TO DO:
Transcribe the whole listing exactly, but do not carry over its pictures.

┄┄┄┄┄┄┄┄┄┄┄┄┄┄┄┄┄┄┄┄

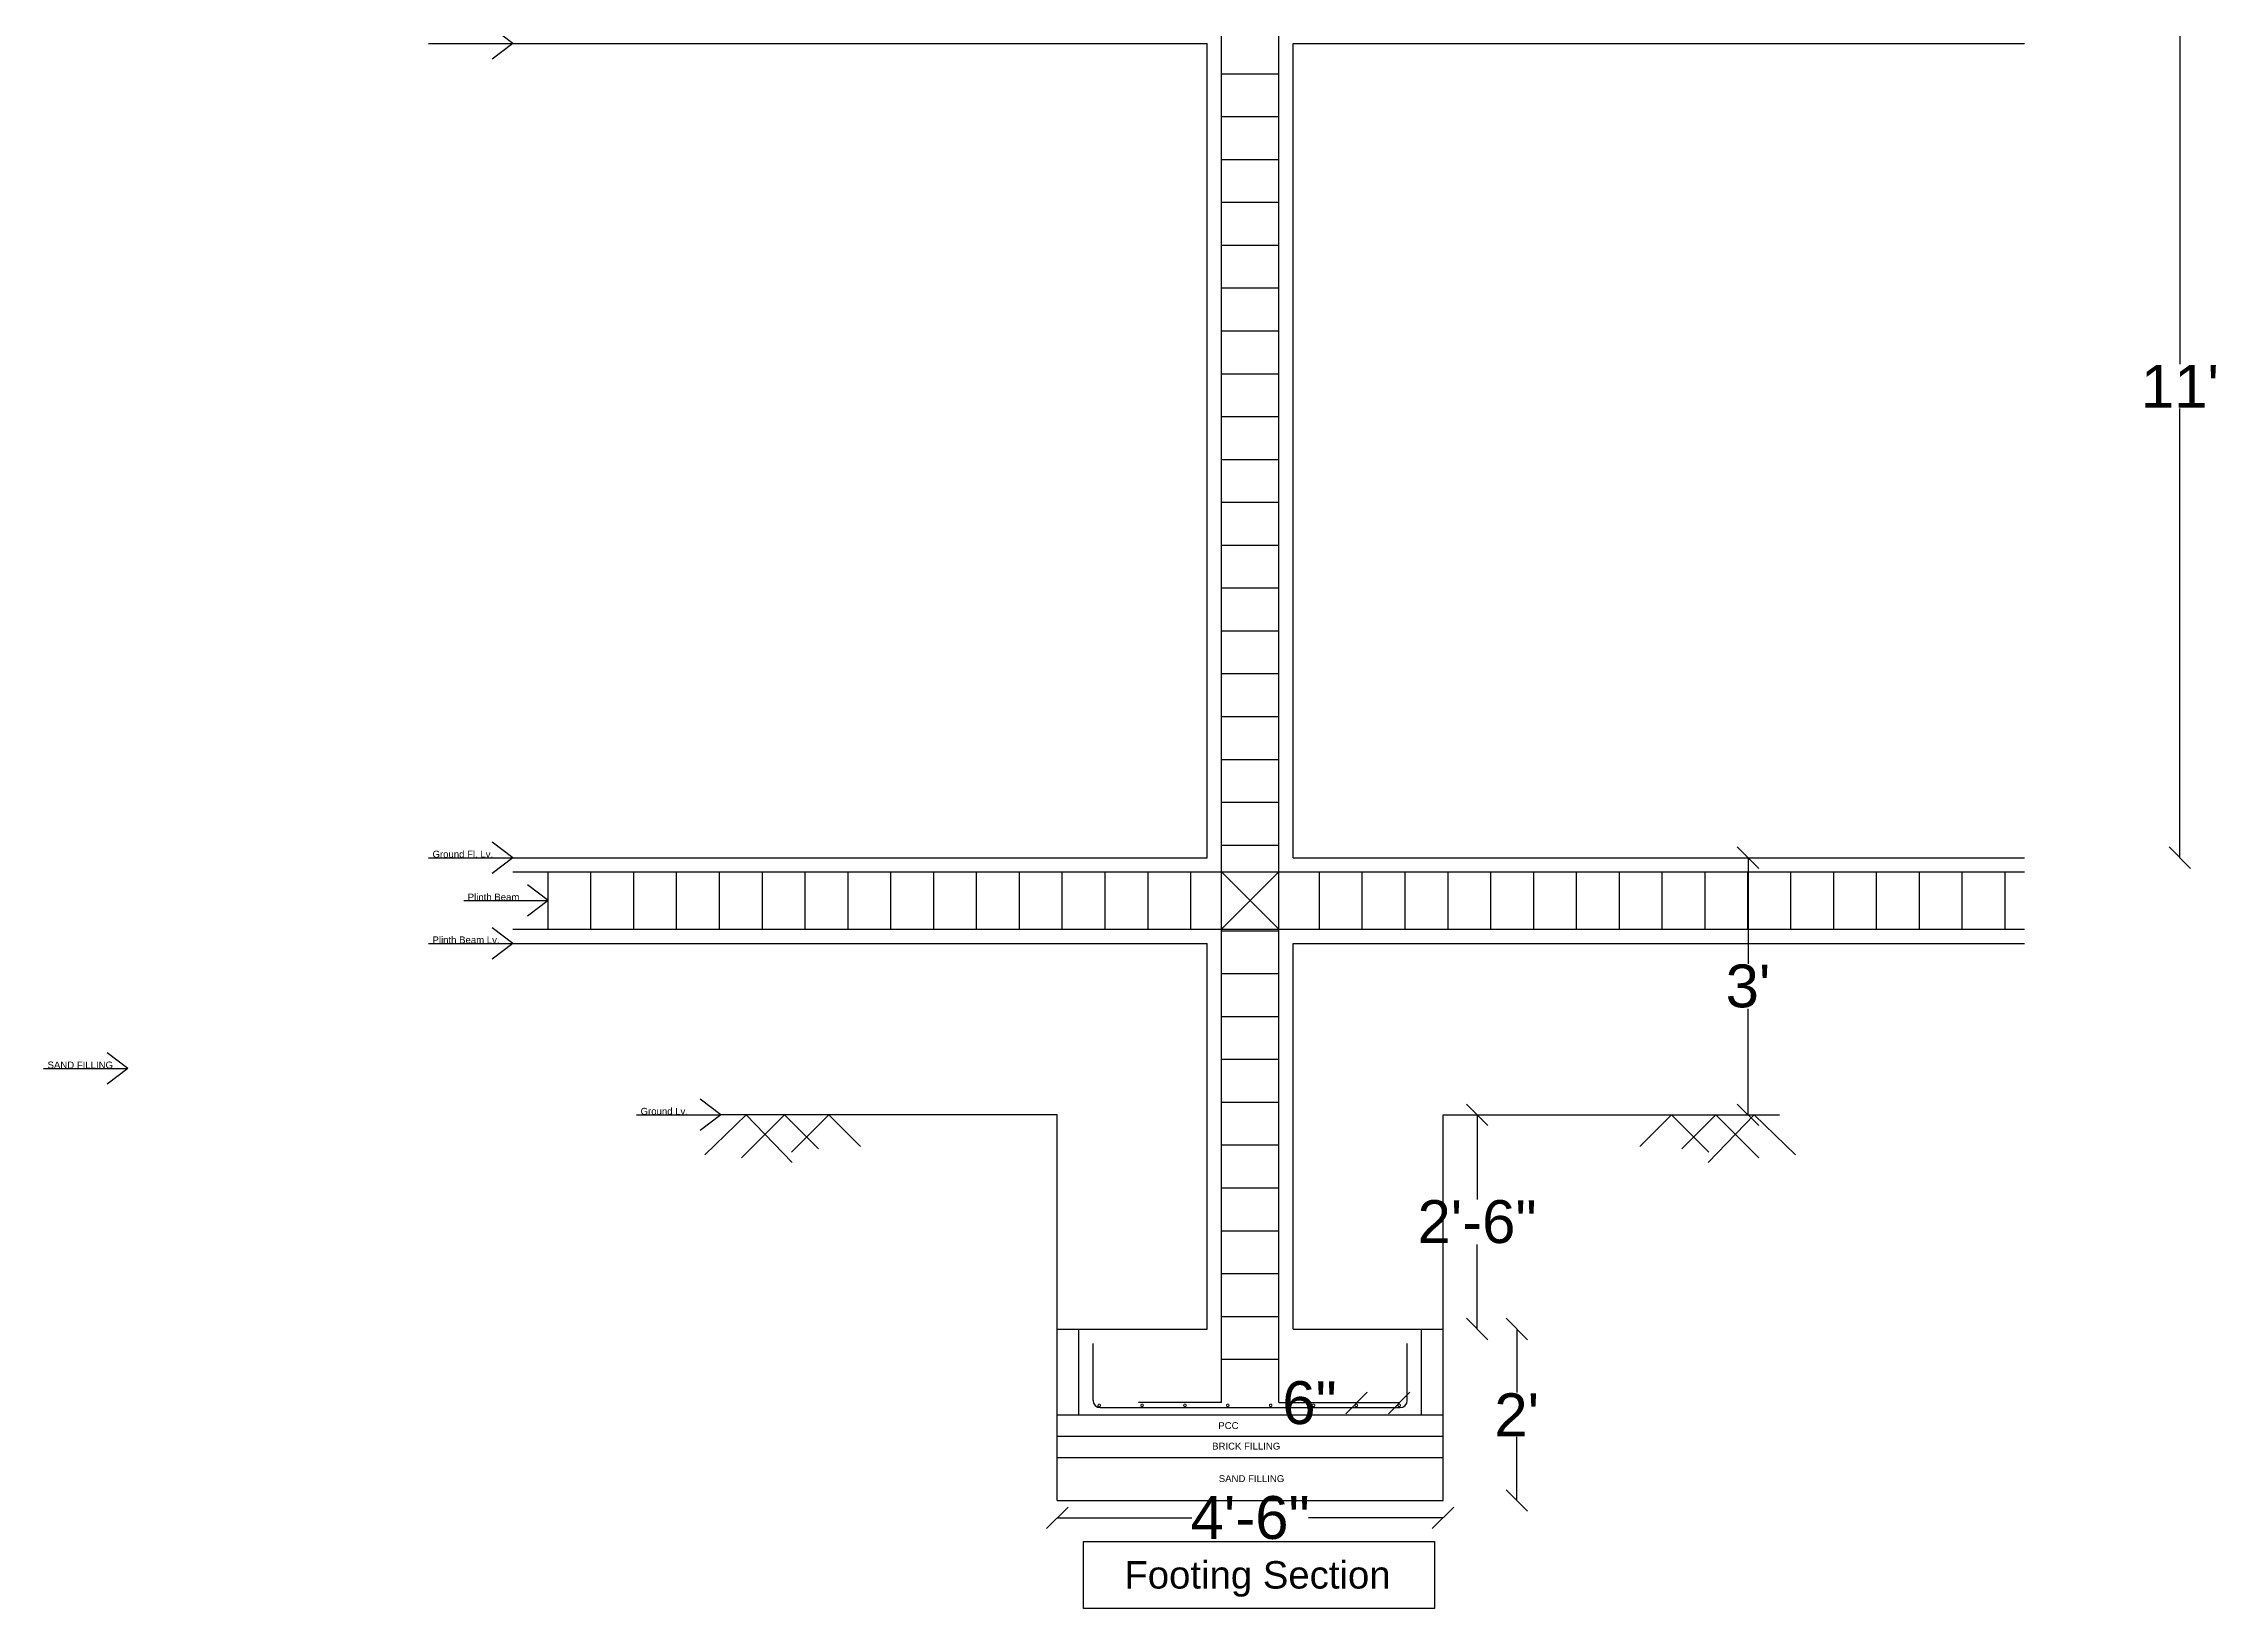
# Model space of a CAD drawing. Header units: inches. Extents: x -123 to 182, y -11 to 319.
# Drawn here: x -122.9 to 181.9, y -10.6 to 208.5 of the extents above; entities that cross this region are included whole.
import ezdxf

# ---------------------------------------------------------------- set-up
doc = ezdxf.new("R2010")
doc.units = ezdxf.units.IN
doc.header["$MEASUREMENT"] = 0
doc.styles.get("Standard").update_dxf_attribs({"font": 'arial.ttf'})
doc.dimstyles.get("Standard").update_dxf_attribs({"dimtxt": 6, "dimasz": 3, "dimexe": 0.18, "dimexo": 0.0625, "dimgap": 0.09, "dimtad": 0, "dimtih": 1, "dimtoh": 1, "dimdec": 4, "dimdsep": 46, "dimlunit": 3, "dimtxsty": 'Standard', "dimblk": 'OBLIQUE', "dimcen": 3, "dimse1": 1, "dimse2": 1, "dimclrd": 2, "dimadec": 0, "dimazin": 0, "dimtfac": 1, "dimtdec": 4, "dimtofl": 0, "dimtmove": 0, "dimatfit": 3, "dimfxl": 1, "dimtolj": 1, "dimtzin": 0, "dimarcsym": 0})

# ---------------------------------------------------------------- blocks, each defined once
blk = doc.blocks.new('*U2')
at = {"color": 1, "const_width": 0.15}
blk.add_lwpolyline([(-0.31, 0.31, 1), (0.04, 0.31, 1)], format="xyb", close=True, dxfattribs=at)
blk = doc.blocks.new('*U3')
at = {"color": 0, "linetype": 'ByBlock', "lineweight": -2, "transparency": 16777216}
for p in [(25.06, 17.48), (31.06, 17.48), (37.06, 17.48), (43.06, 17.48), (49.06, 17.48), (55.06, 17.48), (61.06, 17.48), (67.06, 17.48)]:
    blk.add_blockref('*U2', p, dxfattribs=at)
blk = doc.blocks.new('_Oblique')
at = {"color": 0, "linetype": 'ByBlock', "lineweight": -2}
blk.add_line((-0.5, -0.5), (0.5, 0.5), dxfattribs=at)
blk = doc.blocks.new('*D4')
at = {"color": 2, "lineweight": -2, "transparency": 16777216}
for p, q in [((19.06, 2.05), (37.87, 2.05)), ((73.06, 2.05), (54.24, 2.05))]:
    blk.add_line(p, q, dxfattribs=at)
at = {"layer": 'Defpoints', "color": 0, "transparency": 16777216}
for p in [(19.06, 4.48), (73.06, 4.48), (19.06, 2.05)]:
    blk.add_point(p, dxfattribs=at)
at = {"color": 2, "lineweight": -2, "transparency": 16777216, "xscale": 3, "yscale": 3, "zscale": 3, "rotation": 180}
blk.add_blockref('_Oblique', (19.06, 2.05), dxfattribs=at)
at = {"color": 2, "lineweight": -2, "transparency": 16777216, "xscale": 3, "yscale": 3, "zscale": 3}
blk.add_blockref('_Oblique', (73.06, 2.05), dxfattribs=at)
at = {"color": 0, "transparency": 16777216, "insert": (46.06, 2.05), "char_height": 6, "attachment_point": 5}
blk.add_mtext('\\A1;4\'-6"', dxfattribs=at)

┄┄┄┄┄┄┄┄┄┄┄┄┄┄┄┄┄┄┄┄

WRITTEN SOLUTION:
# Model space of a CAD drawing. Header units: inches. Extents: x -123 to 182, y -11 to 319.
# Drawn here: x -122.9 to 181.9, y -10.6 to 208.5 of the extents above; entities that cross this region are included whole.
import ezdxf

# ---------------------------------------------------------------- set-up
doc = ezdxf.new("R2010")
doc.units = ezdxf.units.IN
doc.header["$MEASUREMENT"] = 0
doc.styles.get("Standard").update_dxf_attribs({"font": 'arial.ttf'})
doc.dimstyles.get("Standard").update_dxf_attribs({"dimtxt": 6, "dimasz": 3, "dimexe": 0.18, "dimexo": 0.0625, "dimgap": 0.09, "dimtad": 0, "dimtih": 1, "dimtoh": 1, "dimdec": 4, "dimdsep": 46, "dimlunit": 3, "dimtxsty": 'Standard', "dimblk": 'OBLIQUE', "dimcen": 3, "dimse1": 1, "dimse2": 1, "dimclrd": 2, "dimadec": 0, "dimazin": 0, "dimtfac": 1, "dimtdec": 4, "dimtofl": 0, "dimtmove": 0, "dimatfit": 3, "dimfxl": 1, "dimtolj": 1, "dimtzin": 0, "dimarcsym": 0})

# ---------------------------------------------------------------- blocks, each defined once
blk = doc.blocks.new('*U2')
at = {"color": 1, "const_width": 0.15}
blk.add_lwpolyline([(-0.31, 0.31, 1), (0.04, 0.31, 1)], format="xyb", close=True, dxfattribs=at)
blk = doc.blocks.new('*U3')
at = {"color": 0, "linetype": 'ByBlock', "lineweight": -2, "transparency": 16777216}
for p in [(25.06, 17.48), (31.06, 17.48), (37.06, 17.48), (43.06, 17.48), (49.06, 17.48), (55.06, 17.48), (61.06, 17.48), (67.06, 17.48)]:
    blk.add_blockref('*U2', p, dxfattribs=at)
blk = doc.blocks.new('_Oblique')
at = {"color": 0, "linetype": 'ByBlock', "lineweight": -2}
blk.add_line((-0.5, -0.5), (0.5, 0.5), dxfattribs=at)
blk = doc.blocks.new('*D4')
at = {"color": 2, "lineweight": -2, "transparency": 16777216}
for p, q in [((19.06, 2.05), (37.87, 2.05)), ((73.06, 2.05), (54.24, 2.05))]:
    blk.add_line(p, q, dxfattribs=at)
at = {"layer": 'Defpoints', "color": 0, "transparency": 16777216}
for p in [(19.06, 4.48), (73.06, 4.48), (19.06, 2.05)]:
    blk.add_point(p, dxfattribs=at)
at = {"color": 2, "lineweight": -2, "transparency": 16777216, "xscale": 3, "yscale": 3, "zscale": 3, "rotation": 180}
blk.add_blockref('_Oblique', (19.06, 2.05), dxfattribs=at)
at = {"color": 2, "lineweight": -2, "transparency": 16777216, "xscale": 3, "yscale": 3, "zscale": 3}
blk.add_blockref('_Oblique', (73.06, 2.05), dxfattribs=at)
at = {"color": 0, "transparency": 16777216, "insert": (46.06, 2.05), "char_height": 6, "attachment_point": 5}
blk.add_mtext('\\A1;4\'-6"', dxfattribs=at)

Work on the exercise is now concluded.